He’d just separated from his first wife, which made it harder to see his son. He was having trouble sleeping and eating, instead seeking refuge in alcohol. And the stress of being undocumented began to feel overwhelming.
One night, he began to search Google for ways to commit suicide.
“I sent a message to a psychologist friend saying, “I am desperate. I feel I won’t live past this weekend,” said Abad, 40, a tall man with dark skin, grey hair and an almost permanent smile, who requested Univision use only his first name.
That night, his friend drove 500 miles from San Diego to Abad’s home in Oakland. He introduced Abad to a unique therapy, called Eye Movement Desensitization and Reprocessing, or EMDR, which involves eye movements guided by a scanner or a light to lower the intensity of emotions and memories. Hesitant and nearly hopeless, Abad tried it.

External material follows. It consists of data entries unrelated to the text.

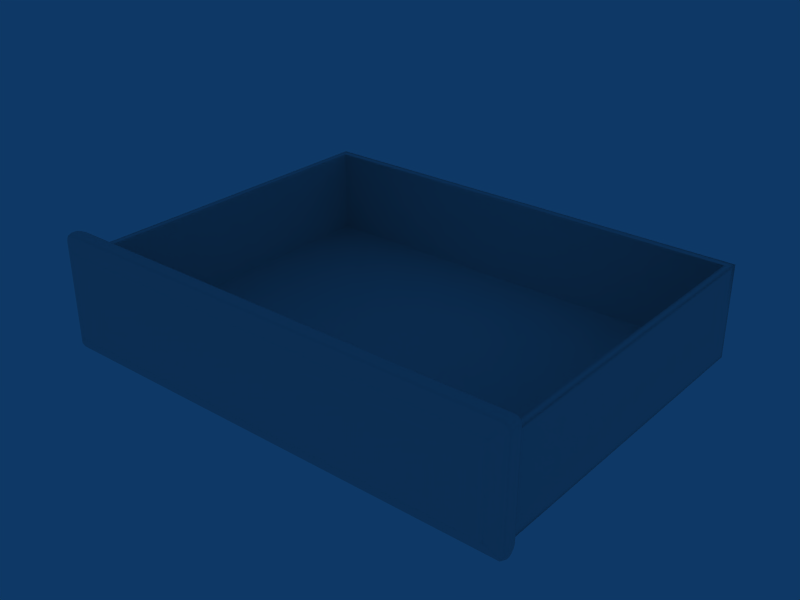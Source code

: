 # Source: C_Gaveta.blend  (saved by Blender 2.49.2; exported with 4.5.12 LTS)
import bpy
from mathutils import Matrix  # noqa: F401  (used for matrix-valued properties, if any)

bpy.ops.wm.read_factory_settings(use_empty=True)
scene = bpy.context.scene
scene.name = 'Scene'

# ---- collections
col_collection_1 = bpy.data.collections.new('Collection 1'); scene.collection.children.link(col_collection_1)

# ---- world
world_world = bpy.data.worlds.new('World'); scene.world = world_world
world_world.color = (0.05656, 0.2208, 0.4)
world_world.use_sun_shadow = False
world_world.sun_shadow_jitter_overblur = 0.0
world_world.cycles.sampling_method = 'MANUAL'
world_world.cycles.sample_map_resolution = 256

# ---- meshes
me_cube = bpy.data.meshes.new('Cube')
me_cube.from_pydata([(-29.51, -0.6755, 0.6905), (29.51, -0.6755, 0.6905), (-29.54, 1.443, 0.646), (29.54, 1.443, 0.646), (-29.44, -0.6389, 13.86), (29.44, -0.6389, 13.86), (-29.48, 1.507, 13.9), (29.48, 1.507, 13.9), (-28.15, -1.276, 2.014), (28.15, -1.276, 2.014), (-28.16, -1.24, 12.64), (28.16, -1.24, 12.64), (-29.83, 0.09351, 0.2535), (29.83, 0.09351, 0.2535), (-29.76, 0.1494, 14.3), (29.76, 0.1494, 14.3), (-29.83, 0.5058, 0.2535), (29.83, 0.5058, 0.2535), (-29.76, 0.5617, 14.3), (29.76, 0.5617, 14.3), (-29.71, -0.4794, 0.3977), (29.71, -0.4794, 0.3977), (-29.65, -0.4353, 14.15), (29.65, -0.4353, 14.15), (-28.8, -1.021, 1.38), (28.8, -1.021, 1.38), (-28.8, -0.9841, 13.29), (28.8, -0.9841, 13.29), (-29.68, 1.072, 0.4498), (29.68, 1.072, 0.4498), (-29.62, 1.128, 14.1), (29.62, 1.128, 14.1), (-29.09, 1.539, 14.09), (29.09, 1.539, 14.09), (-29.55, 0.5904, 4.196e-05), (29.55, 0.5904, 4.196e-05), (-29.26, -0.4126, 14.34), (29.26, -0.4126, 14.34), (-28.55, -0.9653, 13.4), (28.55, -0.9653, 13.4), (-29.68, 1.539, 13.57), (29.68, 1.539, 13.57), (-28.15, -1.221, 12.31), (28.15, -1.221, 12.31), (-29.96, 0.178, 13.96), (29.96, 0.178, 13.96), (-29.96, 0.5904, 13.96), (29.96, 0.5904, 13.96), (-29.82, 1.156, 13.76), (29.82, 1.156, 13.76), (-29.81, 1.156, 0.786), (29.81, 1.156, 0.786), (-29.24, -0.62, 0.437), (29.24, -0.62, 0.437), (-29.06, -0.62, 14.05), (29.06, -0.62, 14.05), (-29.66, 1.539, 0.9656), (29.66, 1.539, 0.9656), (-29.37, 0.178, 14.48), (29.37, 0.178, 14.48), (-29.41, 1.156, 0.1963), (29.41, 1.156, 0.1963), (-27.79, -1.221, 12.31), (27.79, -1.221, 12.31), (-29.44, -0.4126, 0.1442), (29.44, -0.4126, 0.1442), (-27.79, -1.221, 1.876), (27.79, -1.221, 1.876), (-29.27, 1.539, 0.3926), (29.27, 1.539, 0.3926), (-27.79, -1.221, 12.65), (27.79, -1.221, 12.65), (-29.55, 0.178, 4.196e-05), (29.55, 0.178, 4.196e-05), (-29.37, 0.5904, 14.48), (29.37, 0.5904, 14.48), (-28.55, -0.9653, 1.126), (28.55, -0.9653, 1.126), (-29.23, 1.156, 14.29), (29.23, 1.156, 14.29), (-29.95, 0.5904, 0.6065), (29.95, 0.5904, 0.6065), (-29.65, -0.62, 13.53), (29.65, -0.62, 13.53), (-29.85, -0.4126, 13.81), (29.85, -0.4126, 13.81), (-28.93, -0.9653, 13.04), (28.93, -0.9653, 13.04), (-29.21, 1.539, 13.64), (29.21, 1.539, 13.64), (-29.84, -0.4126, 0.7384), (29.84, -0.4126, 0.7384), (-29.63, -0.62, 1.006), (29.63, -0.62, 1.006), (-28.93, -0.9653, 1.637), (28.93, -0.9653, 1.637), (-27.79, -1.221, 2.323), (27.79, -1.221, 2.323), (-29.95, 0.178, 0.6065), (29.95, 0.178, 0.6065), (-29.27, 1.539, 0.9656), (29.27, 1.539, 0.9656), (-28.15, -1.221, 2.323), (28.15, -1.221, 2.323), (-28.93, -0.9653, 11.73), (28.93, -0.9653, 11.73), (-28.93, -0.9653, 6.737), (28.93, -0.9653, 6.737), (-29.96, 0.178, 12.13), (29.96, 0.178, 12.13), (-29.95, 0.178, 6.354), (29.95, 0.178, 6.354), (-28.15, -1.221, 11.61), (28.15, -1.221, 11.61), (-28.15, -1.221, 6.95), (28.15, -1.221, 6.95), (-27.79, -1.221, 11.61), (27.79, -1.221, 11.61), (-27.79, -1.221, 6.95), (27.79, -1.221, 6.95), (-29.23, 1.539, 12.05), (29.23, 1.539, 12.05), (-29.25, 1.539, 6.49), (29.25, 1.539, 6.49), (-29.85, -0.4126, 12.08), (29.85, -0.4126, 12.08), (-29.84, -0.4126, 6.395), (29.84, -0.4126, 6.395), (-29.96, 0.5904, 12.13), (29.96, 0.5904, 12.13), (-29.95, 0.5904, 6.354), (29.95, 0.5904, 6.354), (-29.67, 1.539, 12.0), (29.67, 1.539, 12.0), (-29.67, 1.539, 6.466), (29.67, 1.539, 6.466), (-29.82, 1.156, 12.07), (29.82, 1.156, 12.07), (-29.81, 1.156, 6.41), (29.81, 1.156, 6.41), (-29.64, -0.62, 11.98), (29.64, -0.62, 11.98), (-29.64, -0.62, 6.478), (29.64, -0.62, 6.478), (0.0, 0.178, 14.48), (0.0, 1.156, 0.1963), (0.0, -0.4126, 0.1442), (0.0, -1.221, 1.876), (0.0, 1.539, 0.3926), (0.0, -1.221, 12.65), (0.0, 0.178, 4.196e-05), (0.0, 0.5904, 14.48), (0.0, -0.9653, 1.126), (0.0, 1.156, 14.29), (0.0, -1.221, 12.31), (0.0, -1.221, 2.323), (0.0, -1.221, 11.61), (0.0, -1.221, 6.95), (0.0, 1.539, 12.05), (0.0, 1.539, 13.64), (0.0, -0.62, 14.05), (0.0, -0.9653, 13.4), (0.0, 0.5904, 4.196e-05), (0.0, 1.539, 14.09), (0.0, -0.4126, 14.34), (0.0, -0.62, 0.437), (0.0, 44.28, 12.05), (-28.74, 44.28, 12.05), (28.74, 44.28, 12.05), (-28.78, 44.28, 0.3926), (28.78, 44.28, 0.3926), (0.0, 44.28, 0.3926), (-28.78, 44.28, 0.9656), (28.78, 44.28, 0.9656), (-28.76, 44.28, 6.49), (28.76, 44.28, 6.49), (0.0, 44.28, 0.9656), (0.0, 44.28, 6.49), (-27.87, 2.522, 12.05), (27.87, 2.522, 12.05), (-27.87, 43.29, 12.05), (27.87, 43.29, 12.05), (0.0, 43.29, 12.05), (0.0, 2.522, 12.05), (-27.87, 2.522, 1.325), (27.87, 2.522, 1.325), (0.0, 2.522, 1.325), (0.0, 43.29, 1.325), (-27.87, 43.29, 1.325), (27.87, 43.29, 1.325), (-28.74, 12.22, 12.05), (28.74, 12.22, 12.05), (-28.74, 22.91, 12.05), (28.74, 22.91, 12.05), (-28.74, 33.59, 12.05), (28.74, 33.59, 12.05), (-28.78, 12.22, 0.3926), (28.78, 12.22, 0.3926), (-28.78, 22.91, 0.3926), (28.78, 22.91, 0.3926), (-28.78, 33.59, 0.3926), (28.78, 33.59, 0.3926), (0.0, 12.22, 0.3926), (0.0, 22.91, 0.3926), (0.0, 33.59, 0.3926), (-28.78, 12.22, 0.9656), (28.78, 12.22, 0.9656), (-28.78, 22.91, 0.9656), (28.78, 22.91, 0.9656), (-28.78, 33.59, 0.9656), (28.78, 33.59, 0.9656), (-27.87, 12.71, 12.05), (27.87, 12.71, 12.05), (-27.87, 22.91, 12.05), (27.87, 22.91, 12.05), (-27.87, 33.1, 12.05), (27.87, 33.1, 12.05), (-27.87, 12.71, 1.325), (27.87, 12.71, 1.325), (-27.87, 22.91, 1.325), (27.87, 22.91, 1.325), (-27.87, 33.1, 1.325), (27.87, 33.1, 1.325), (0.0, 12.71, 1.325), (0.0, 22.91, 1.325), (0.0, 33.1, 1.325), (0.0, 2.522, 11.83), (-27.87, 2.522, 11.83), (27.87, 2.522, 11.83), (0.0, 43.29, 11.83), (-27.87, 43.29, 11.83), (27.87, 43.29, 11.83), (-27.87, 33.1, 11.83), (27.87, 33.1, 11.83), (-27.87, 22.91, 11.83), (27.87, 22.91, 11.83), (-27.87, 12.71, 11.83), (27.87, 12.71, 11.83), (0.0, 2.522, 1.43), (-27.87, 2.522, 1.43), (27.87, 2.522, 1.43), (0.0, 43.29, 1.43), (-27.87, 43.29, 1.43), (27.87, 43.29, 1.43), (-27.87, 33.1, 1.43), (27.87, 33.1, 1.43), (-27.87, 22.91, 1.43), (27.87, 22.91, 1.43), (-27.87, 12.71, 1.43), (27.87, 12.71, 1.43), (-28.77, 2.18, 12.05), (28.74, 2.18, 12.05), (-28.81, 2.18, 0.3926), (28.78, 2.18, 0.3926), (0.0, 2.18, 0.3926), (-28.79, 2.18, 6.49), (28.99, 2.18, 6.49), (-28.81, 2.18, 0.9656), (28.78, 2.18, 0.9656), (-27.87, 3.134, 12.05), (27.87, 3.134, 12.05), (-27.87, 3.134, 1.325), (27.87, 3.134, 1.325), (0.0, 3.134, 1.325), (-27.87, 3.134, 11.83), (27.87, 3.134, 11.83), (-27.87, 3.134, 1.43), (27.87, 3.134, 1.43), (-28.74, 43.69, 12.05), (28.74, 43.69, 12.05), (-28.78, 43.69, 0.3926), (28.78, 43.69, 0.3926), (0.0, 43.69, 0.3926), (-28.76, 43.69, 6.49), (28.76, 43.69, 6.49), (-28.78, 43.69, 0.9656), (28.78, 43.69, 0.9656), (-27.87, 42.73, 12.05), (27.87, 42.73, 12.05), (-27.87, 42.73, 1.325), (27.87, 42.73, 1.325), (0.0, 42.73, 1.325), (-27.87, 42.73, 11.83), (27.87, 42.73, 11.83), (-27.87, 42.73, 1.43), (27.87, 42.73, 1.43), (-28.74, 43.16, 11.61), (28.74, 43.16, 11.61), (-28.76, 43.16, 6.491), (28.76, 43.16, 6.491), (-28.78, 43.16, 1.406), (28.78, 43.16, 1.406), (-28.78, 33.32, 1.406), (28.78, 33.32, 1.406), (-28.74, 33.32, 11.61), (28.74, 33.32, 11.61), (-28.74, 2.709, 11.61), (28.74, 2.709, 11.61), (-28.76, 2.709, 6.491), (28.76, 2.709, 6.491), (-28.78, 2.709, 1.406), (28.78, 2.709, 1.406), (-28.78, 12.5, 1.406), (28.78, 12.5, 1.406), (-28.74, 12.5, 11.61), (28.74, 12.5, 11.61), (-28.78, 22.91, 1.406), (28.78, 22.91, 1.406), (-28.74, 22.91, 11.61), (28.74, 22.91, 11.61), (-28.76, 33.32, 6.491), (28.76, 33.32, 6.491), (-28.76, 12.5, 6.491), (28.76, 12.5, 6.491), (-28.76, 22.91, 6.491), (28.76, 22.91, 6.491)], [], [(72, 12, 16, 34), (17, 13, 73, 35), (14, 58, 74, 18), (75, 59, 15, 19), (64, 20, 12, 72), (13, 21, 65, 73), (52, 0, 20, 64), (21, 1, 53, 65), (22, 36, 58, 14), (59, 37, 23, 15), (4, 54, 36, 22), (37, 55, 5, 23), (26, 38, 54, 4), (55, 39, 27, 5), (10, 70, 38, 26), (39, 71, 11, 27), (0, 52, 76, 24), (77, 53, 1, 25), (66, 8, 24, 76), (25, 9, 67, 77), (60, 28, 2, 68), (3, 29, 61, 69), (34, 16, 28, 60), (29, 17, 35, 61), (30, 78, 32, 6), (33, 79, 31, 7), (18, 74, 78, 30), (79, 75, 19, 31), (18, 46, 44, 14), (45, 47, 19, 15), (22, 84, 82, 4), (83, 85, 23, 5), (14, 44, 84, 22), (85, 45, 15, 23), (86, 26, 4, 82), (5, 27, 87, 83), (42, 10, 26, 86), (27, 11, 43, 87), (30, 48, 46, 18), (47, 49, 31, 19), (6, 40, 48, 30), (49, 41, 7, 31), (40, 6, 32, 88), (33, 7, 41, 89), (10, 42, 62, 70), (63, 43, 11, 71), (80, 16, 12, 98), (13, 17, 81, 99), (0, 92, 90, 20), (91, 93, 1, 21), (98, 12, 20, 90), (21, 13, 99, 91), (92, 0, 24, 94), (25, 1, 93, 95), (8, 102, 94, 24), (95, 103, 9, 25), (50, 28, 16, 80), (17, 29, 51, 81), (56, 2, 28, 50), (29, 3, 57, 51), (2, 56, 100, 68), (101, 57, 3, 69), (102, 8, 66, 96), (67, 9, 103, 97), (96, 118, 114, 102), (115, 119, 97, 103), (118, 116, 112, 114), (113, 117, 119, 115), (116, 62, 42, 112), (43, 63, 117, 113), (102, 114, 106, 94), (107, 115, 103, 95), (114, 112, 104, 106), (105, 113, 115, 107), (112, 42, 86, 104), (87, 43, 113, 105), (94, 106, 142, 92), (143, 107, 95, 93), (106, 104, 140, 142), (141, 105, 107, 143), (104, 86, 82, 140), (83, 87, 105, 141), (92, 142, 126, 90), (127, 143, 93, 91), (142, 140, 124, 126), (125, 141, 143, 127), (140, 82, 84, 124), (85, 83, 141, 125), (90, 126, 110, 98), (111, 127, 91, 99), (126, 124, 108, 110), (109, 125, 127, 111), (124, 84, 44, 108), (45, 85, 125, 109), (98, 110, 130, 80), (131, 111, 99, 81), (110, 108, 128, 130), (129, 109, 111, 131), (108, 44, 46, 128), (47, 45, 109, 129), (80, 130, 138, 50), (139, 131, 81, 51), (130, 128, 136, 138), (137, 129, 131, 139), (128, 46, 48, 136), (49, 47, 129, 137), (50, 138, 134, 56), (135, 139, 51, 57), (138, 136, 132, 134), (133, 137, 139, 135), (136, 48, 40, 132), (41, 49, 137, 133), (56, 134, 122, 100), (123, 135, 57, 101), (134, 132, 120, 122), (121, 133, 135, 123), (132, 40, 88, 120), (89, 41, 133, 121), (150, 72, 34, 162), (35, 73, 150, 162), (58, 144, 151, 74), (151, 144, 59, 75), (146, 64, 72, 150), (73, 65, 146, 150), (165, 52, 64, 146), (65, 53, 165, 146), (36, 164, 144, 58), (144, 164, 37, 59), (54, 160, 164, 36), (164, 160, 55, 37), (38, 161, 160, 54), (160, 161, 39, 55), (70, 149, 161, 38), (161, 149, 71, 39), (152, 76, 52, 165), (53, 77, 152, 165), (147, 66, 76, 152), (77, 67, 147, 152), (145, 60, 68, 148), (69, 61, 145, 148), (162, 34, 60, 145), (61, 35, 162, 145), (78, 153, 163, 32), (163, 153, 79, 33), (74, 151, 153, 78), (153, 151, 75, 79), (32, 163, 159, 88), (159, 163, 33, 89), (62, 154, 149, 70), (149, 154, 63, 71), (155, 96, 66, 147), (67, 97, 155, 147), (116, 156, 154, 62), (154, 156, 117, 63), (118, 157, 156, 116), (156, 157, 119, 117), (96, 155, 157, 118), (157, 155, 97, 119), (158, 120, 88, 159), (89, 121, 158, 159), (176, 172, 174, 177), (175, 173, 176, 177), (177, 174, 167, 166), (168, 175, 177, 166), (171, 169, 172, 176), (173, 170, 171, 176), (166, 167, 180, 182), (181, 168, 166, 182), (120, 158, 183, 178), (183, 158, 121, 179), (196, 198, 203, 202), (203, 199, 197, 202), (198, 200, 204, 203), (204, 201, 199, 203), (205, 207, 198, 196), (199, 208, 206, 197), (207, 209, 200, 198), (201, 210, 208, 199), (194, 192, 213, 215), (214, 193, 195, 216), (192, 190, 211, 213), (212, 191, 193, 214), (223, 224, 219, 217), (220, 224, 223, 218), (224, 225, 221, 219), (222, 225, 224, 220), (183, 226, 227, 178), (228, 226, 183, 179), (180, 230, 229, 182), (229, 231, 181, 182), (213, 234, 232, 215), (233, 235, 214, 216), (211, 236, 234, 213), (235, 237, 212, 214), (226, 238, 239, 227), (240, 238, 226, 228), (238, 186, 184, 239), (185, 186, 238, 240), (230, 242, 241, 229), (241, 243, 231, 229), (242, 188, 187, 241), (187, 189, 243, 241), (234, 246, 244, 232), (245, 247, 235, 233), (246, 219, 221, 244), (222, 220, 247, 245), (236, 248, 246, 234), (247, 249, 237, 235), (248, 217, 219, 246), (220, 218, 249, 247), (68, 252, 254, 148), (254, 253, 69, 148), (252, 196, 202, 254), (202, 197, 253, 254), (122, 255, 257, 100), (258, 256, 123, 101), (120, 250, 255, 122), (256, 251, 121, 123), (100, 257, 252, 68), (253, 258, 101, 69), (257, 205, 196, 252), (197, 206, 258, 253), (190, 250, 259, 211), (260, 251, 191, 212), (250, 120, 178, 259), (179, 121, 251, 260), (186, 263, 261, 184), (262, 263, 186, 185), (263, 223, 217, 261), (218, 223, 263, 262), (227, 264, 259, 178), (260, 265, 228, 179), (264, 236, 211, 259), (212, 237, 265, 260), (239, 266, 264, 227), (265, 267, 240, 228), (266, 248, 236, 264), (237, 249, 267, 265), (184, 261, 266, 239), (267, 262, 185, 240), (261, 217, 248, 266), (249, 218, 262, 267), (200, 270, 272, 204), (272, 271, 201, 204), (270, 169, 171, 272), (171, 170, 271, 272), (273, 174, 172, 275), (173, 175, 274, 276), (268, 167, 174, 273), (175, 168, 269, 274), (209, 275, 270, 200), (271, 276, 210, 201), (275, 172, 169, 270), (170, 173, 276, 271), (167, 268, 277, 180), (278, 269, 168, 181), (268, 194, 215, 277), (216, 195, 269, 278), (225, 281, 279, 221), (280, 281, 225, 222), (281, 187, 188, 279), (189, 187, 281, 280), (232, 282, 277, 215), (278, 283, 233, 216), (282, 230, 180, 277), (181, 231, 283, 278), (244, 284, 282, 232), (283, 285, 245, 233), (284, 242, 230, 282), (231, 243, 285, 283), (221, 279, 284, 244), (285, 280, 222, 245), (279, 188, 242, 284), (243, 189, 280, 285), (268, 273, 288, 286), (289, 274, 269, 287), (273, 275, 290, 288), (291, 276, 274, 289), (275, 209, 292, 290), (293, 210, 276, 291), (194, 268, 286, 294), (287, 269, 195, 295), (255, 250, 296, 298), (297, 251, 256, 299), (257, 255, 298, 300), (299, 256, 258, 301), (205, 257, 300, 302), (301, 258, 206, 303), (250, 190, 304, 296), (305, 191, 251, 297), (209, 207, 306, 292), (307, 208, 210, 293), (207, 205, 302, 306), (303, 206, 208, 307), (192, 194, 294, 308), (295, 195, 193, 309), (190, 192, 308, 304), (309, 193, 191, 305), (294, 286, 288, 310), (289, 287, 295, 311), (310, 288, 290, 292), (291, 289, 311, 293), (296, 304, 312, 298), (313, 305, 297, 299), (298, 312, 302, 300), (303, 313, 299, 301), (308, 294, 310, 314), (311, 295, 309, 315), (304, 308, 314, 312), (315, 309, 305, 313), (314, 310, 292, 306), (293, 311, 315, 307), (312, 314, 306, 302), (307, 315, 313, 303)])
me_cube.polygons.foreach_set('use_smooth', [True] * 314)
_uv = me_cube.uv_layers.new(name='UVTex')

After just two sessions of EMDR, Abad began to transform his desperation, and started on the road to recovery.
Once used almost solely to treat post traumatic stress in war veterans, EMDR has slowly become an effective therapy to treat a range of traumas, including those experienced by immigrants. Now, more therapists in California are seeking training in EMDR to help patients process memories and heal, including in their native Spanish.
Today, Abad says he’s completely transformed from the days when suicidal thoughts weighed on him. He’s now remarried and seeks to help the undocumented community.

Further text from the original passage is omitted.